La stessa coscienza, tuttavia, con un grande peso sul cuore, mi porta oggi ad affermare con altrettanta chiarezza che questo nuovo ciclo di violenza ha portato a Gaza oltre cinquemila morti, tra cui molte donne e bambini, decine di migliaia di feriti, quartieri rasi al suolo, mancanza di medicinali, acqua, e beni di prima necessità per oltre due milioni di persone. Sono tragedie che non sono comprensibili e che abbiamo il dovere di denunciare e condannare senza riserve. I continui pesanti bombardamenti che da giorni martellano Gaza causeranno solo morte e distruzione e non faranno altro che aumentare odio e rancore, non risolveranno alcun problema, ma anzi ne creeranno dei nuovi. È tempo di fermare questa guerra, questa violenza insensata.

È solo ponendo fine a decenni di occupazione, e alle sue tragiche conseguenze, e dando una chiara e sicura prospettiva nazionale al popolo palestinese che si potrà avviare un serio processo di pace. Se non si risolverà questo problema alla sua radice, non ci sarà mai la stabilità che tutti auspichiamo. La tragedia di questi giorni deve condurci tutti, religiosi, politici, società civile, comunità internazionale, ad un impegno in questo senso più serio di quanto fatto fino ad ora. Solo così si potranno evitare altre tragedie come quella che stiamo vivendo ora. Lo dobbiamo alle tante, troppe vittime di questi giorni, e di tutti questi anni. Non abbiamo il diritto di lasciare ad altri questo compito.

Ma non posso vivere questo tempo estremamente doloroso, senza rivolgere lo sguardo verso l’Alto, senza guardare a Cristo, senza che la fede illumini il mio, il nostro sguardo su quanto stiamo vivendo, senza rivolgere a Dio il nostro pensiero. Abbiamo bisogno di una Parola che ci accompagni, ci consoli e ci incoraggi. Ne abbiamo bisogno come l’aria che respiriamo.

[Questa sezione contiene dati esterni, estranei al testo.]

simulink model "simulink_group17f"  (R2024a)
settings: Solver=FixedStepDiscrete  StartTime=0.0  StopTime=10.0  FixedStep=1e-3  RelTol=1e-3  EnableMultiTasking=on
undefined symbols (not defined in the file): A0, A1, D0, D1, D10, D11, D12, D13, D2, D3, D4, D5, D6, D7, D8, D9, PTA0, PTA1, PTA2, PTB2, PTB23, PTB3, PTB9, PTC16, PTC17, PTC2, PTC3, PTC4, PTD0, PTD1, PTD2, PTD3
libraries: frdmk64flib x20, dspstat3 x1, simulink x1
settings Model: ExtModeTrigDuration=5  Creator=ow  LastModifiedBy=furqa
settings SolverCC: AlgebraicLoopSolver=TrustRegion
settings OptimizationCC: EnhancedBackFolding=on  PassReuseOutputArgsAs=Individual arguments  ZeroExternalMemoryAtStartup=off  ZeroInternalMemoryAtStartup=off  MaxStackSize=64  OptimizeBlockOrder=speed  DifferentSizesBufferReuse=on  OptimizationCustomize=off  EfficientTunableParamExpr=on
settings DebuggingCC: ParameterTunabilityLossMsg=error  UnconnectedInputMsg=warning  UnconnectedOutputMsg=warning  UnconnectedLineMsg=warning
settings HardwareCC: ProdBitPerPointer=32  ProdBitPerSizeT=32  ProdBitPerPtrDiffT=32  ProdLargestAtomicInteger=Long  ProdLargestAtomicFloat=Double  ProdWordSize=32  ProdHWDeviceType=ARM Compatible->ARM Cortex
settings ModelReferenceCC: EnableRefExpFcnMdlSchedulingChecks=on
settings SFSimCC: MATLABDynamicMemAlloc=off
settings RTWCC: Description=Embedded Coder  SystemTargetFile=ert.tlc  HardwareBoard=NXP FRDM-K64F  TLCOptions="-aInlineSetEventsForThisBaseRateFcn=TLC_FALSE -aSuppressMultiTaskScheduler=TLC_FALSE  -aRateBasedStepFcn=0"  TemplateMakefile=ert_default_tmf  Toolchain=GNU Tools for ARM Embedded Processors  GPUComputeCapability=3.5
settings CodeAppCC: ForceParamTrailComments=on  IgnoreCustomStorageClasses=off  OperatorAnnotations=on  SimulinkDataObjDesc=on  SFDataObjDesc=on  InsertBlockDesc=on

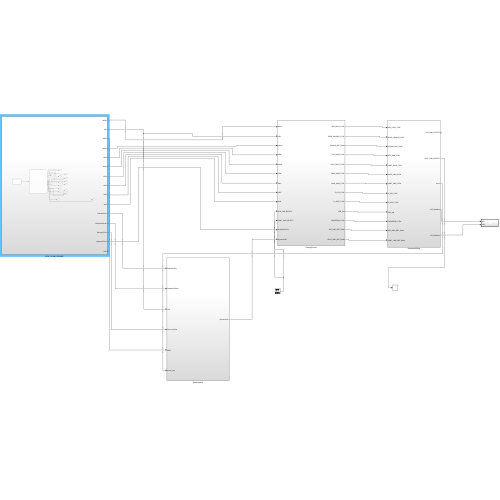
[thumbnail: Simulink's stored preview of the top-level diagram]
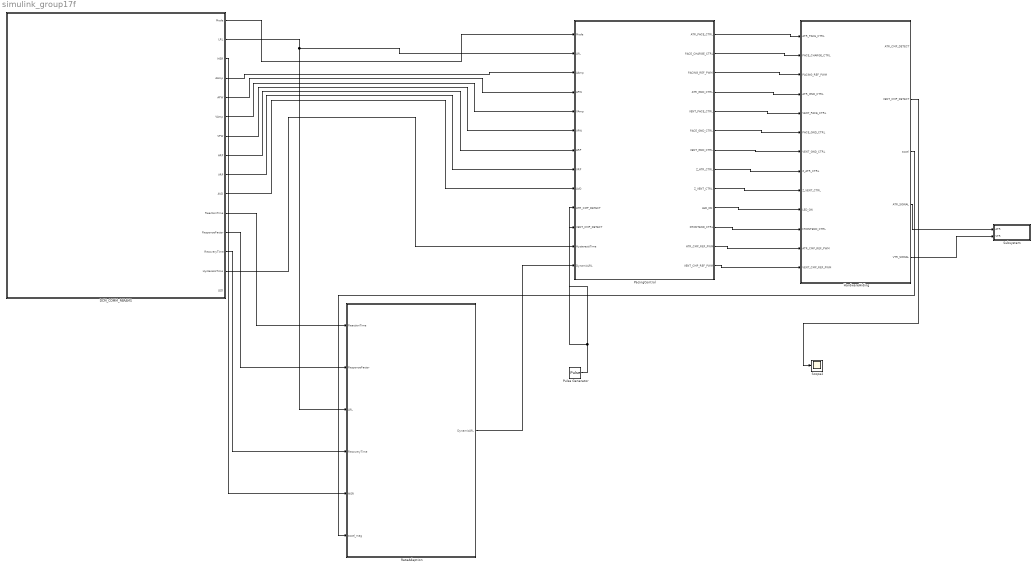
== system simulink_group17f ==
  DCM_COMM_PARAMS : Subsystem
  HardwareHiding : Subsystem
  PacingControl : Subsystem
  Pulse Generator : DiscretePulseGenerator  Period=600  PulseWidth=5  SampleTime=0.001
  RateAdaption : Subsystem
  Scope2 : Scope
  Subsystem : Subsystem  TreatAsAtomicUnit=on  SystemSampleTime=0.01
  wires:
  HardwareHiding/3(accel) -> RateAdaption/6(accel_mag)
  PacingControl/1(ATR_PACE_CTRL) -> HardwareHiding/1(ATR_PACE_CTRL)
  PacingControl/2(PACE_CHARGE_CTRL) -> HardwareHiding/2(PACE_CHARGE_CTRL)
  PacingControl/3(PACING_REF_PWM) -> HardwareHiding/3(PACING_REF_PWM)
  PacingControl/4(ATR_GND_CTRL) -> HardwareHiding/4(ATR_GND_CTRL)
  PacingControl/5(VENT_PACE_CTRL) -> HardwareHiding/5(VENT_PACE_CTRL)
  PacingControl/6(PACE_GND_CTRL) -> HardwareHiding/6(PACE_GND_CTRL)
  PacingControl/7(VENT_GND_CTRL) -> HardwareHiding/7(VENT_GND_CTRL)
  PacingControl/8(Z_ATR_CTRL) -> HardwareHiding/8(Z_ATR_CTRL)
  PacingControl/9(Z_VENT_CTRL) -> HardwareHiding/9(Z_VENT_CTRL)
  PacingControl/10(LED_ON) -> HardwareHiding/10(LED_ON)
  PacingControl/11(FRONTEND_CTRL) -> HardwareHiding/11(FRONTEND_CTRL)
  PacingControl/12(ATR_CMP_REF_PWM) -> HardwareHiding/12(ATR_CMP_REF_PWM)
  PacingControl/13(VENT_CMP_REF_PWM) -> HardwareHiding/13(VENT_CMP_REF_PWM)
  RateAdaption/1(DynamicLRL) -> PacingControl/13(DynamicLRL)
  HardwareHiding/2(VENT_CMP_DETECT) -> Scope2/1
  Pulse Generator/1 -> PacingControl/10(ATR_CMP_DETECT), PacingControl/11(VENT_CMP_DETECT)
  DCM_COMM_PARAMS/1(Mode) -> PacingControl/1(Mode)
  DCM_COMM_PARAMS/2(LRL) -> RateAdaption/3(LRL), PacingControl/2(LRL)
  DCM_COMM_PARAMS/3(MSR) -> RateAdaption/5(MSR)
  DCM_COMM_PARAMS/4(AAmp) -> PacingControl/3(AAmp)
  DCM_COMM_PARAMS/5(APW) -> PacingControl/4(APW)
  DCM_COMM_PARAMS/6(VAmp) -> PacingControl/5(VAmp)
  DCM_COMM_PARAMS/7(VPW) -> PacingControl/6(VPW)
  DCM_COMM_PARAMS/8(ARP) -> PacingControl/7(ARP)
  DCM_COMM_PARAMS/9(VRP) -> PacingControl/8(VRP)
  DCM_COMM_PARAMS/10(AVD) -> PacingControl/9(AVD)
  DCM_COMM_PARAMS/14(HysteresisTime) -> PacingControl/12(HysteresisTime)
  DCM_COMM_PARAMS/11(ReactionTime) -> RateAdaption/1(ReactionTime)
  DCM_COMM_PARAMS/12(ResponseFactor) -> RateAdaption/2(ResponseFactor)
  DCM_COMM_PARAMS/13(RecoveryTime) -> RateAdaption/4(RecoveryTime)
  HardwareHiding/4(ATR_SIGNAL) -> Subsystem/1(ATR)
  HardwareHiding/5(VTR_SIGNAL) -> Subsystem/2(VTR)

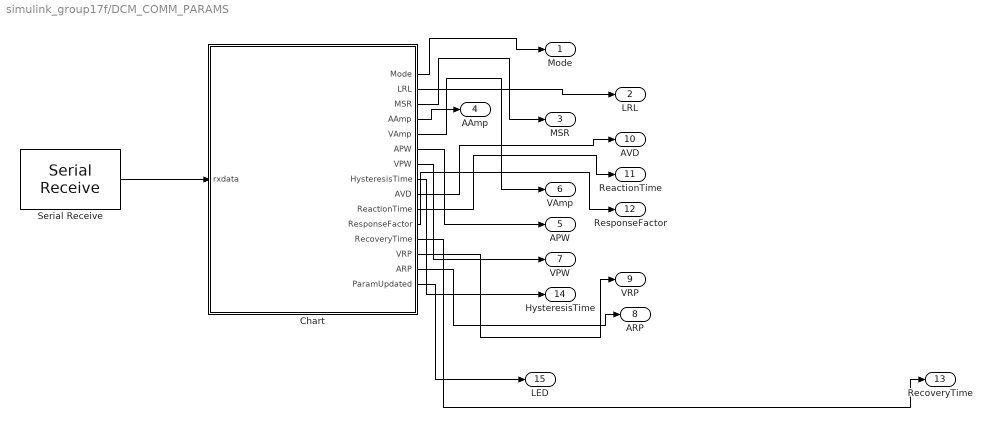
== system simulink_group17f/DCM_COMM_PARAMS ==
  Chart : Stateflow chart  TreatAsAtomicUnit=on
  Serial Receive : frdmk64flib/Serial Receive  SCIModule=0  Baudrate=uint32(9600)  Parity=None  StopBits=1  HardwareFlowControl=None  ByteOrder=LittleEndian  DataType=uint8  DataLength=31  BlockingMode=off  OutputStatus=off  SampleTime=0.001
  Mode : Outport
  LRL : Outport  Port=2
  MSR : Outport  Port=3
  AAmp : Outport  Port=4
  APW : Outport  Port=5
  VAmp : Outport  Port=6
  VPW : Outport  Port=7
  ARP : Outport  Port=8
  VRP : Outport  Port=9
  AVD : Outport  Port=10
  ReactionTime : Outport  Port=11
  ResponseFactor : Outport  Port=12
  RecoveryTime : Outport  Port=13
  HysteresisTime : Outport  Port=14
  LED : Outport  Port=15
  wires:
  Chart/1(Mode) -> Mode/1
  Chart/3(MSR) -> MSR/1
  Chart/4(AAmp) -> AAmp/1
  Chart/5(VAmp) -> VAmp/1
  Chart/6(APW) -> APW/1
  Chart/7(VPW) -> VPW/1
  Chart/8(HysteresisTime) -> HysteresisTime/1
  Chart/9(AVD) -> AVD/1
  Chart/10(ReactionTime) -> ReactionTime/1
  Chart/11(ResponseFactor) -> ResponseFactor/1
  Chart/13(VRP) -> VRP/1
  Chart/14(ARP) -> ARP/1
  Chart/2(LRL) -> LRL/1
  Chart/12(RecoveryTime) -> RecoveryTime/1
  Serial Receive/1 -> Chart/1(rxdata)
  Chart/15(ParamUpdated) -> LED/1

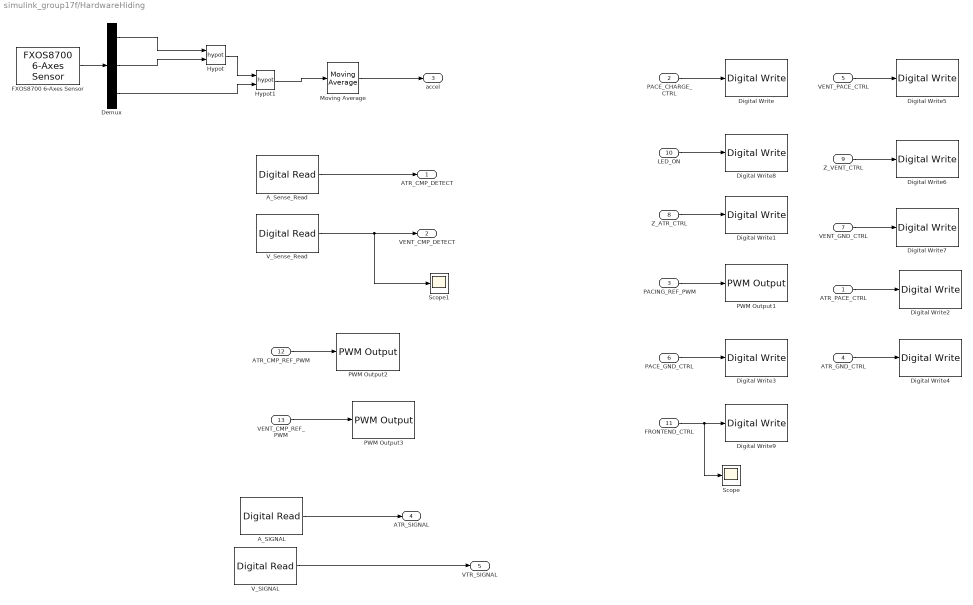
== system simulink_group17f/HardwareHiding ==
  ATR_PACE_CTRL : Inport
  PACE_CHARGE_CTRL : Inport  Port=2
  PACING_REF_PWM : Inport  Port=3
  ATR_GND_CTRL : Inport  Port=4
  VENT_PACE_CTRL : Inport  Port=5
  PACE_GND_CTRL : Inport  Port=6
  VENT_GND_CTRL : Inport  Port=7
  Z_ATR_CTRL : Inport  Port=8
  Z_VENT_CTRL : Inport  Port=9
  LED_ON : Inport  Port=10
  FRONTEND_CTRL : Inport  Port=11
  ATR_CMP_REF_PWM : Inport  Port=12
  VENT_CMP_REF_PWM : Inport  Port=13
  A_SIGNAL : frdmk64flib/Digital Read  Whichpin=PTB2 (A0)  SampleTime=0.01
  A_Sense_Read : frdmk64flib/Digital Read  Whichpin=PTC16 (D0)  SampleTime=-1
  Demux : Demux  Outputs=3
  Digital Write : frdmk64flib/Digital Write  Whichpin=PTB9 (D2)
  Digital Write1 : frdmk64flib/Digital Write  Whichpin=PTB23 (D4)
  Digital Write2 : frdmk64flib/Digital Write  Whichpin=PTA0 (D8)
  Digital Write3 : frdmk64flib/Digital Write  Whichpin=PTD0 (D10)
  Digital Write4 : frdmk64flib/Digital Write  Whichpin=PTD2 (D11)
  Digital Write5 : frdmk64flib/Digital Write  Whichpin=PTC4 (D9)
  Digital Write6 : frdmk64flib/Digital Write  Whichpin=PTC3 (D7)
  Digital Write7 : frdmk64flib/Digital Write  Whichpin=PTD3 (D12)
  Digital Write8 : frdmk64flib/Digital Write  Whichpin=RED_LED
  Digital Write9 : frdmk64flib/Digital Write  Whichpin=PTD1 (D13)
  FXOS8700 6-Axes Sensor : frdmk64flib/FXOS8700 6-Axes Sensor  Activesensor=Accelerometer only  ODR=800Hz  HybridODR=400Hz  Accelfullrange=-4g to +4g  SampleTime=-1
  Hypot : Math  Operator=hypot
  Hypot1 : Math  Operator=hypot
  Moving Average : dspstat3/Moving Average  Method=Sliding window  ForgettingFactorPort=off  SpecifyWindowLength=on  WindowLength=4  OverlapLength=3  AllowArbitraryInputLength=off  ForgettingFactor=0.9  SimulateUsing=Interpreted execution
  PWM Output1 : frdmk64flib/PWM Output  Whichpin=PTA2 (D5)  InitialFrequency=2000  InitialDutyCycle=50
  PWM Output2 : frdmk64flib/PWM Output  Whichpin=PTC2 (D6)  InitialFrequency=2000  InitialDutyCycle=100
  PWM Output3 : frdmk64flib/PWM Output  Whichpin=PTA1 (D3)  InitialFrequency=2000  InitialDutyCycle=100
  Scope : Scope
  Scope1 : Scope
  V_SIGNAL : frdmk64flib/Digital Read  Whichpin=PTB3 (A1)  SampleTime=0.01
  V_Sense_Read : frdmk64flib/Digital Read  Whichpin=PTC17 (D1)  SampleTime=-1
  ATR_CMP_DETECT : Outport
  VENT_CMP_DETECT : Outport  Port=2
  accel : Outport  Port=3
  ATR_SIGNAL : Outport  Port=4
  VTR_SIGNAL : Outport  Port=5
  wires:
  V_Sense_Read/1 -> Scope1/1, VENT_CMP_DETECT/1
  Z_VENT_CTRL/1 -> Digital Write6/1
  LED_ON/1 -> Digital Write8/1
  ATR_PACE_CTRL/1 -> Digital Write2/1
  Z_ATR_CTRL/1 -> Digital Write1/1
  VENT_GND_CTRL/1 -> Digital Write7/1
  PACE_CHARGE_CTRL/1 -> Digital Write/1
  PACE_GND_CTRL/1 -> Digital Write3/1
  PACING_REF_PWM/1 -> PWM Output1/1
  VENT_PACE_CTRL/1 -> Digital Write5/1
  ATR_GND_CTRL/1 -> Digital Write4/1
  FRONTEND_CTRL/1 -> Scope/1, Digital Write9/1
  ATR_CMP_REF_PWM/1 -> PWM Output2/1
  VENT_CMP_REF_PWM/1 -> PWM Output3/1
  Demux/1 -> Hypot/1
  Demux/2 -> Hypot/2
  Hypot/1 -> Hypot1/1
  Demux/3 -> Hypot1/2
  Hypot1/1 -> Moving Average/1
  Moving Average/1 -> accel/1
  A_Sense_Read/1 -> ATR_CMP_DETECT/1
  FXOS8700 6-Axes Sensor/1 -> Demux/1
  A_SIGNAL/1 -> ATR_SIGNAL/1
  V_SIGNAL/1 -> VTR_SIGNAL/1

“Vi ho detto questo perché abbiate pace in me. Nel mondo avete tribolazioni, ma abbiate coraggio: io ho vinto il mondo!” (Gv 16,33).

Ci troviamo alla vigilia della passione di Gesù. Egli rivolge queste parole ai suoi discepoli, che di lì a poco saranno sballottati come in una tempesta di fronte alla Sua morte. Saranno presi dal panico, si disperderanno e fuggiranno, come pecore senza pastore.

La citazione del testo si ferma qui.